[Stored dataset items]

• • • •

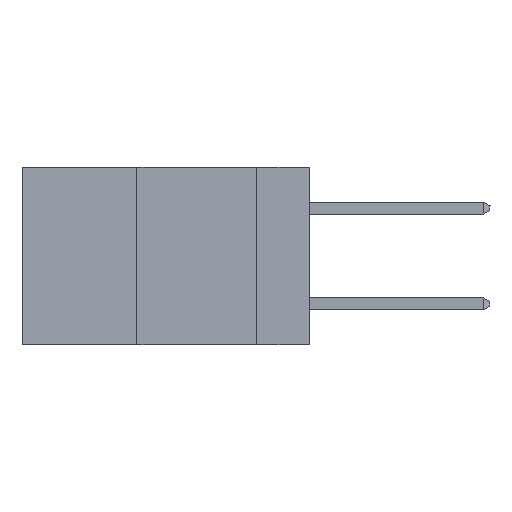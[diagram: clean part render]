
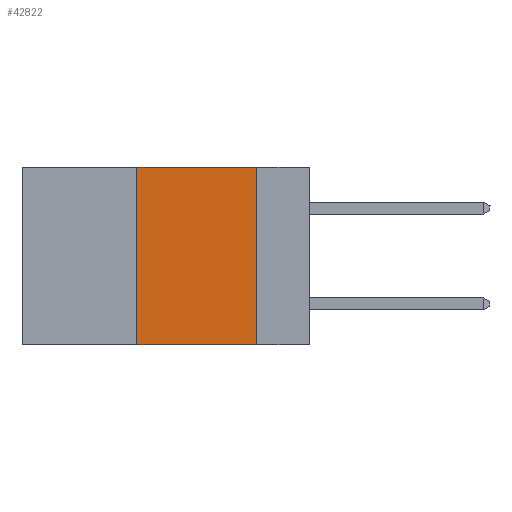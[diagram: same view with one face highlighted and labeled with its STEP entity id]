
A CAD part, left-side view. The second image highlights one B-rep face of the part: STEP entity #42822.
In plain terms, the highlighted planar face has unit normal (-1, 0, 0).
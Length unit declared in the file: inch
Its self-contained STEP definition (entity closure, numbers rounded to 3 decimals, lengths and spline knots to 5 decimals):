
#4536 = PLANE ( 'NONE',  #26797 ) ;
#4576 = DIRECTION ( 'NONE',  ( 0., -1., 0. ) ) ;
#4789 = CARTESIAN_POINT ( 'NONE',  ( 0., 0.6, -0.37 ) ) ;
#6324 = DIRECTION ( 'NONE',  ( 0., 0., 1. ) ) ;
#10432 = DIRECTION ( 'NONE',  ( 0., -1., 0. ) ) ;
#11361 = EDGE_CURVE ( 'NONE', #34225, #27223, #45130, .T. ) ;
#11492 = ORIENTED_EDGE ( 'NONE', *, *, #23348, .F. ) ;
#12468 = VERTEX_POINT ( 'NONE', #17959 ) ;
#13309 = FACE_OUTER_BOUND ( 'NONE', #18506, .T. ) ;
#13869 = CARTESIAN_POINT ( 'NONE',  ( 0., 0.6, 0. ) ) ;
#14488 = CARTESIAN_POINT ( 'NONE',  ( 0., 0.36, -0.37 ) ) ;
#15323 = ORIENTED_EDGE ( 'NONE', *, *, #11361, .T. ) ;
#17959 = CARTESIAN_POINT ( 'NONE',  ( 0., 0.11, 0. ) ) ;
#18324 = DIRECTION ( 'NONE',  ( 0., 0., -1. ) ) ;
#18506 = EDGE_LOOP ( 'NONE', ( #23431, #11492, #27636, #15323 ) ) ;
#19004 = CARTESIAN_POINT ( 'NONE',  ( 0., 0.6, 0. ) ) ;
#19281 = CARTESIAN_POINT ( 'NONE',  ( 0., 0.11, -0.37 ) ) ;
#19834 = CARTESIAN_POINT ( 'NONE',  ( 0., 0.36, 0. ) ) ;
#22545 = DIRECTION ( 'NONE',  ( 0., 0., -1. ) ) ;
#23348 = EDGE_CURVE ( 'NONE', #42299, #12468, #37944, .T. ) ;
#23431 = ORIENTED_EDGE ( 'NONE', *, *, #39478, .F. ) ;
#24106 = CARTESIAN_POINT ( 'NONE',  ( 0., 0.36, 0. ) ) ;
#26797 = AXIS2_PLACEMENT_3D ( 'NONE', #19004, #43250, #22545 ) ;
#27223 = VERTEX_POINT ( 'NONE', #19281 ) ;
#27636 = ORIENTED_EDGE ( 'NONE', *, *, #39932, .F. ) ;
#34166 = VECTOR ( 'NONE', #6324, 39.37008 ) ;
#34225 = VERTEX_POINT ( 'NONE', #14488 ) ;
#34412 = LINE ( 'NONE', #24106, #34166 ) ;
#35747 = CARTESIAN_POINT ( 'NONE',  ( 0., 0.11, 0. ) ) ;
#37283 = VECTOR ( 'NONE', #18324, 39.37008 ) ;
#37382 = LINE ( 'NONE', #35747, #37283 ) ;
#37936 = VECTOR ( 'NONE', #10432, 39.37008 ) ;
#37944 = LINE ( 'NONE', #13869, #37936 ) ;
#39478 = EDGE_CURVE ( 'NONE', #12468, #27223, #37382, .T. ) ;
#39932 = EDGE_CURVE ( 'NONE', #34225, #42299, #34412, .T. ) ;
#42299 = VERTEX_POINT ( 'NONE', #19834 ) ;
#42822 = ADVANCED_FACE ( 'NONE', ( #13309 ), #4536, .F. ) ;
#43250 = DIRECTION ( 'NONE',  ( 1., 0., 0. ) ) ;
#45130 = LINE ( 'NONE', #4789, #45382 ) ;
#45382 = VECTOR ( 'NONE', #4576, 39.37008 ) ;
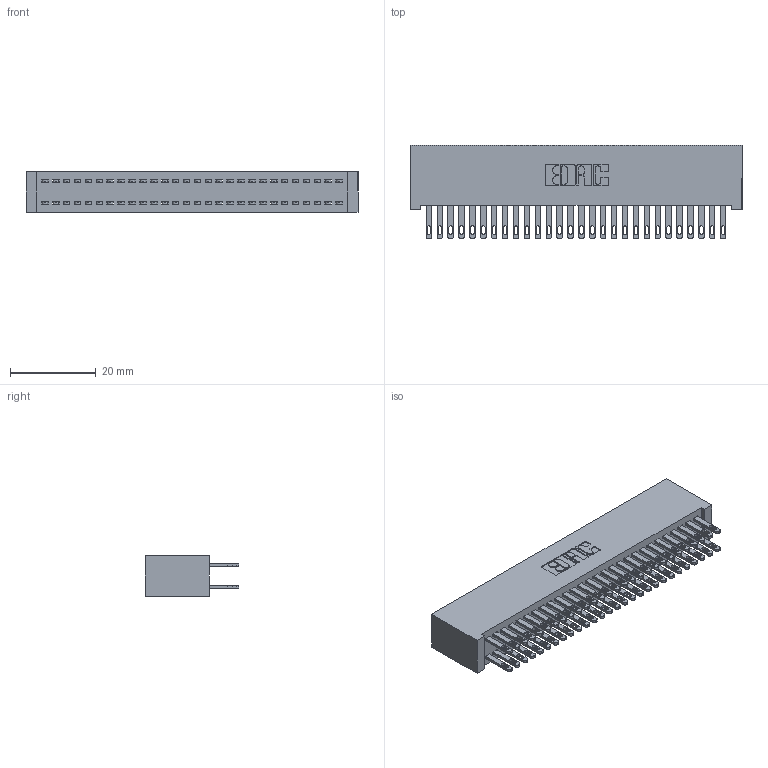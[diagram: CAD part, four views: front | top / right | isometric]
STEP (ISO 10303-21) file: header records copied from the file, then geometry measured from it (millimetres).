
FILE_DESCRIPTION (( 'STEP AP203' ), '1' );
FILE_NAME ('342-056-500-201.STEP', '2018-08-13T02:03:58', ( '' ), ( '' ), 'SwSTEP 2.0', 'SolidWorks 2016', '' );
FILE_SCHEMA (( 'CONFIG_CONTROL_DESIGN' ));
Length unit declared in the file: inch
Products named in the file (3): 342 Part_Lugless; 345-292-001_345-293-100; 342-056-500-201
Assembly tree (57 placements, depth 2):
  342-056-500-201
    342 Part_Lugless
    345-292-001_345-293-100  x56
Bounding box: 77.37 x 21.85 x 9.4 mm (x, y, z)
Volume: 7495.9 mm3; surface area: 12838.9 mm2
Topology: 57 solids, 57 shells, 2790 faces, 8507 edges, 5670 vertices
Faces by surface type: plane 1742, cylinder 1048
Entity records: 19345 total; most frequent: CARTESIAN_POINT 3218, ORIENTED_EDGE 3154, DIRECTION 2769, EDGE_CURVE 1577, LINE 1453, VECTOR 1453, VERTEX_POINT 1050, AXIS2_PLACEMENT_3D 658
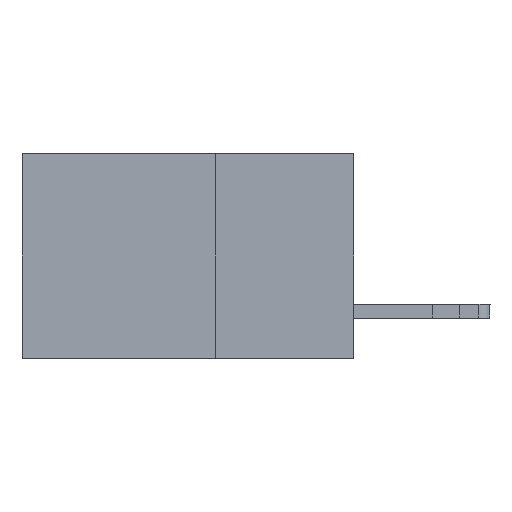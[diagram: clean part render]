
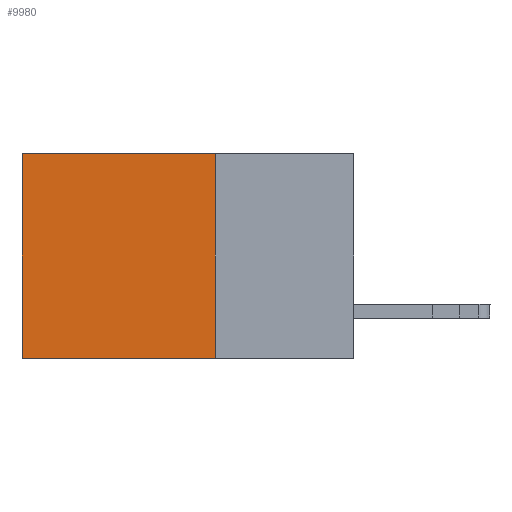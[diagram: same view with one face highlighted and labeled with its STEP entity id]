
A CAD part, left-side view. The second image highlights one B-rep face of the part: STEP entity #9980.
In plain terms, the highlighted planar face has unit normal (-1, 0, 0).
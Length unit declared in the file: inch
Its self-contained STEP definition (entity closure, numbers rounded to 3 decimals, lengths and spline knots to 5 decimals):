
#244 = DIRECTION ( 'NONE',  ( 0., 1., 0. ) ) ;
#374 = CARTESIAN_POINT ( 'NONE',  ( 0.2875, 0.6, 0. ) ) ;
#860 = VECTOR ( 'NONE', #2863, 39.37008 ) ;
#1247 = VERTEX_POINT ( 'NONE', #10878 ) ;
#1719 = ORIENTED_EDGE ( 'NONE', *, *, #11651, .T. ) ;
#2136 = LINE ( 'NONE', #5260, #8328 ) ;
#2368 = CARTESIAN_POINT ( 'NONE',  ( 0.2875, 0.6, -0.37 ) ) ;
#2863 = DIRECTION ( 'NONE',  ( 0., 0., -1. ) ) ;
#3074 = VERTEX_POINT ( 'NONE', #2368 ) ;
#3090 = DIRECTION ( 'NONE',  ( 0., 1., 0. ) ) ;
#3254 = FACE_OUTER_BOUND ( 'NONE', #12292, .T. ) ;
#3392 = EDGE_CURVE ( 'NONE', #11678, #14179, #8600, .T. ) ;
#4543 = LINE ( 'NONE', #9183, #11099 ) ;
#5017 = ORIENTED_EDGE ( 'NONE', *, *, #3392, .F. ) ;
#5260 = CARTESIAN_POINT ( 'NONE',  ( 0.2875, 0.25, -0.37 ) ) ;
#5894 = DIRECTION ( 'NONE',  ( 1., 0., 0. ) ) ;
#6477 = VECTOR ( 'NONE', #11488, 39.37008 ) ;
#8014 = LINE ( 'NONE', #374, #860 ) ;
#8171 = DIRECTION ( 'NONE',  ( 0., 0., -1. ) ) ;
#8328 = VECTOR ( 'NONE', #244, 39.37008 ) ;
#8600 = LINE ( 'NONE', #12676, #6477 ) ;
#9183 = CARTESIAN_POINT ( 'NONE',  ( 0.2875, 0.25, 0. ) ) ;
#9980 = ADVANCED_FACE ( 'NONE', ( #3254 ), #15727, .F. ) ;
#10161 = CARTESIAN_POINT ( 'NONE',  ( 0.2875, 0.25, 0. ) ) ;
#10878 = CARTESIAN_POINT ( 'NONE',  ( 0.2875, 0.6, 0. ) ) ;
#11099 = VECTOR ( 'NONE', #3090, 39.37008 ) ;
#11488 = DIRECTION ( 'NONE',  ( 0., 0., -1. ) ) ;
#11651 = EDGE_CURVE ( 'NONE', #1247, #3074, #8014, .T. ) ;
#11678 = VERTEX_POINT ( 'NONE', #10161 ) ;
#12041 = AXIS2_PLACEMENT_3D ( 'NONE', #13326, #5894, #8171 ) ;
#12292 = EDGE_LOOP ( 'NONE', ( #1719, #15434, #5017, #15762 ) ) ;
#12676 = CARTESIAN_POINT ( 'NONE',  ( 0.2875, 0.25, 0. ) ) ;
#13193 = CARTESIAN_POINT ( 'NONE',  ( 0.2875, 0.25, -0.37 ) ) ;
#13326 = CARTESIAN_POINT ( 'NONE',  ( 0.2875, 0.25, 0. ) ) ;
#13875 = EDGE_CURVE ( 'NONE', #14179, #3074, #2136, .T. ) ;
#14179 = VERTEX_POINT ( 'NONE', #13193 ) ;
#15434 = ORIENTED_EDGE ( 'NONE', *, *, #13875, .F. ) ;
#15637 = EDGE_CURVE ( 'NONE', #11678, #1247, #4543, .T. ) ;
#15727 = PLANE ( 'NONE',  #12041 ) ;
#15762 = ORIENTED_EDGE ( 'NONE', *, *, #15637, .T. ) ;

• • • •

The task: Reproduce, without alteration and without pictures, only those lines that lie between the first line of the entries above and the line containing "#4576 = DIRECTION", both of them included.

Solution to the problem:
[diagram: clean part render]
[diagram: same view with one face highlighted and labeled with its STEP entity id]
A CAD part, left-side view. The second image highlights one B-rep face of the part: STEP entity #42822.
In plain terms, the highlighted planar face has unit normal (-1, 0, 0).
Length unit declared in the file: inch
Its self-contained STEP definition (entity closure, numbers rounded to 3 decimals, lengths and spline knots to 5 decimals):
#4536 = PLANE ( 'NONE',  #26797 ) ;
#4576 = DIRECTION ( 'NONE',  ( 0., -1., 0. ) ) ;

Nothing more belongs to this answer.